Michael Komorn, a Michigan attorney who specializes in medical marijuana laws and is also the president of the Michigan Medical Marijuana Association, who filed a petition on behalf of a mother in southeastern Michigan, said no other state allows medical marijuana for severe autism.
This inspired several posts including MLive and the Washington Times. The post stated Michigan would become the first state to allow medical marijuana for children with severe autism if a senior official follows the recommendation made Friday by an advisory panel.
The state’s Medical Marijuana Review Panel voted 4-2 to recommend autism as a condition that qualifies for the drug.
Supporters say the extracted oil from marijuana when swallowed has been effective in controlling extreme physical behavior by kids with severe autism. It wouldn’t be smoked.
The panel was influenced by comments from some Detroit-area doctors, especially the head of pediatric neurology at Children’s Hospital of Michigan, and parents desperate for relief.
Now the recommendation go before Mike Zimmer, who is the director of the Department of Licensing and Regulatory Affairs. He has until late October to make a final decision.
Voting in favor of allowing it, Dr. David Crocker, a panel member noted that two doctors need to give their approval for a child to get a medical marijuana card from the state.
“We have a pretty good checks-and-balances system,” he said.
Michigan’s chief medical executive, Dr. Eden Wells, serves on the panel and voted no. She’s not convinced that there’s enough research on the topic, especially the long-term effects of marijuana on children.
The same panel rejected an autism petition in 2013 in what had been called a final decision. Smith’s petition was initially denied by LARA, but she successfully sued to force reconsideration.
The review panel voted 4-2 in favor of a petition submitted by Lisa Smith, a Michigan mother who has said cannabis oil has helped improve her severely autistic 6-year-old son’s behavior, sleep patterns and eating schedule.
Attorney Michael Komorn, who represents Smith, said her petition included hundreds of pages of research on autism and medical marijuana that was not included in the 2013 debate.

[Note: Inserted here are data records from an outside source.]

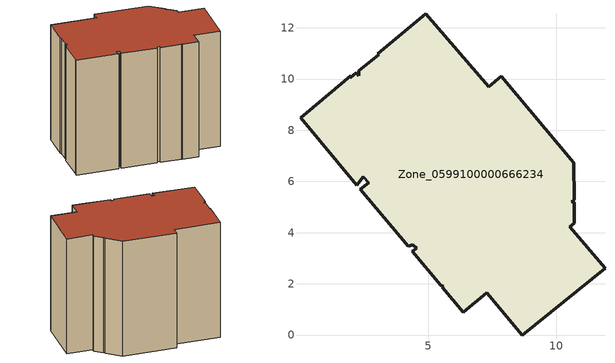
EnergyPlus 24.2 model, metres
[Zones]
Zone_0599100000666234
 floor ground (C_G): 11.9,2.6 8.68,0 7.28,1.66 6.37,0.89 5.55,1.86 5.58,1.92 5.48,1.95 4.37,3.28 4.55,3.39 4.39,3.53 4.22,3.46 2.35,5.69 2.68,5.95 2.47,6.18 2.21,5.86 0.01,8.48 0.25,8.68 1.97,10.13 1.95,10.04 2.19,10.24 2.29,10.13 2.29,10.31 3.07,10.94 3.02,10.99 4.9,12.54 7.37,9.69 7.86,10.1 10.68,6.73 10.7,5.29 10.6,5.22 10.7,5.18 10.71,4.37 10.52,4.22 z0
 wall outside (C_F): 8.68,0 11.9,2.6 10.52,4.22 10.71,4.37 10.7,5.18 10.6,5.22 10.7,5.29 10.68,6.73 7.86,10.1 7.37,9.69 4.9,12.54 3.02,10.99 3.07,10.94 2.29,10.31 2.29,10.13 2.19,10.24 1.95,10.04 1.97,10.13 0.25,8.68 0.01,8.48 2.21,5.86 2.47,6.18 2.68,5.95 2.35,5.69 4.22,3.46 4.39,3.53 4.55,3.39 4.37,3.28 5.48,1.95 5.58,1.92 5.55,1.86 6.37,0.89 7.28,1.66 8.68,0 z0:9.88
 roof outside (C_R): 2.29,10.13 2.19,10.24 1.95,10.04 1.97,10.13 0.25,8.68 0.01,8.48 2.21,5.86 2.47,6.18 2.68,5.95 2.35,5.69 4.22,3.46 4.39,3.53 4.55,3.39 4.37,3.28 5.48,1.95 5.58,1.92 5.55,1.86 6.37,0.89 7.28,1.66 8.68,0 11.9,2.6 10.52,4.22 10.71,4.37 10.7,5.18 10.6,5.22 10.7,5.29 10.68,6.73 7.86,10.1 7.37,9.69 4.9,12.54 3.02,10.99 3.07,10.94 2.29,10.31 z9.88
[BUILDING]
Pand.0599100000666234: North Axis=0; Terrain=City; Loads Convergence Tolerance Value=0.04; Temperature Convergence Tolerance Value=0.4; Solar Distribution=FullExterior; Maximum Number of Warmup Days=25; Minimum Number of Warmup Days=1
[Site:Location]
Rotterdam.The.Hague.AP_ZH_NLD Design_Conditions: Latitude=51.96; Longitude=4.45; Time Zone=1; Elevation=-4.5
[SITE:GROUNDTEMPERATURE:BUILDINGSURFACE]
18, 18, 18, 18, 18, 18, 18, 18, 18, 18, 18, 18
[MATERIAL] Thermal Absorptance=0.9; Solar Absorptance=0.7; Visible Absorptance=0.7
Name | Roughness | Thickness | Conductivity | Density | Specific Heat
G.TI.1946 | MediumSmooth | 0.15 | 1 | 540 | 1210
F.TI.1946 | Rough | 0.3 | 0.857143 | 1920 | 840
R.TI.1946 | MediumRough | 0.2 | 0.1 | 1500 | 1000
[CONSTRUCTION]
C_G: G.TI.1946
C_F: F.TI.1946
C_R: R.TI.1946
[ZONE]
Zone_0599100000666234: Type=1; Multiplier=1; Ceiling Height=Autocalculate; Volume=Autocalculate; Floor Area=autocalculate; Part of Total Floor Area=Yes
[ZONEINFILTRATION:DESIGNFLOWRATE]
Infil_Zone_0599100000666234: Zone or ZoneList or Space or SpaceList=Zone_0599100000666234; Schedule=AlwaysOn; Design Flow Rate Calculation Method=Flow/Area; Flow Rate per Floor Area=0.003; Constant Term Coefficient=1; Temperature Term Coefficient=0; Velocity Term Coefficient=0; Velocity Squared Term Coefficient=0
[HVACTEMPLATE:ZONE:IDEALLOADSAIRSYSTEM]
Zone_0599100000666234: Maximum Heating Supply Air Temperature=50; Minimum Cooling Supply Air Temperature=13; Maximum Heating Supply Air Humidity Ratio=0.0156; Minimum Cooling Supply Air Humidity Ratio=0.0077; Heating Limit=NoLimit; Cooling Limit=NoLimit; Dehumidification Control Type=ConstantSensibleHeatRatio; Cooling Sensible Heat Ratio=0.7; Dehumidification Setpoint=60; Humidification Control Type=None; Humidification Setpoint=30; Outdoor Air Method=None; Outdoor Air Flow Rate per Person=0.00944; Outdoor Air Flow Rate per Zone Floor Area=0; Outdoor Air Flow Rate per Zone=0; Demand Controlled Ventilation Type=None; Outdoor Air Economizer Type=NoEconomizer; Heat Recovery Type=None; Sensible Heat Recovery Effectiveness=0.7; Latent Heat Recovery Effectiveness=0.65
[ZONECONTROL:THERMOSTAT]
ThermostatControl_Zone_0599100000666234: Zone or ZoneList=Zone_0599100000666234; Control Type Schedule=DualSetpointControlType; Control 1=Thermostat_Zone_0599100000666234; Temperature Difference Between Cutout And Setpoint=0
[THERMOSTATSETPOINT:DUALSETPOINT]
Thermostat_Zone_0599100000666234: Heating Setpoint Temperature Schedule=HeatingSetpoint_Zone_0599100000666234; Cooling Setpoint Temperature Schedule=CoolingSetpoint_Zone_0599100000666234
[SCHEDULE:COMPACT]
HeatingSetpoint_Zone_0599100000666234: Through: 12/31, For: AllDays, Until: 24:00, 21
CoolingSetpoint_Zone_0599100000666234: Through: 12/31, For: AllDays, Until: 24:00, 24
DualSetpointControlType: Through: 12/31, For: AllDays, Until: 24:00, 4
AlwaysOn: Through: 12/31, For: AllDays, Until: 24:00, 1

Smith’s son was certified to use medical marijuana because he also has epilepsy, which is already a treatable medical condition under the law.
“Otherwise, she would not have been able to get a recommendation from her doctor to see the benefits that it had on autism,” Komorn said. “She’s heroic in that she came forward and was able to tell her story so that this could happen.”
“These things are things we do not know until we have enough experience with these medications in a controlled trial. … I don’t think we have those checks and balances,” Wells said.
Experts writing in the February edition of the Journal of Developmental & Behavioral Pediatrics cautioned that marijuana for kids with severe autism might serve only as a “last-line therapy.”
Only one condition, post-traumatic stress disorder, has been added to those that qualify since Michigan voters approved marijuana for the side effects of cancer and a few other illnesses in 2008.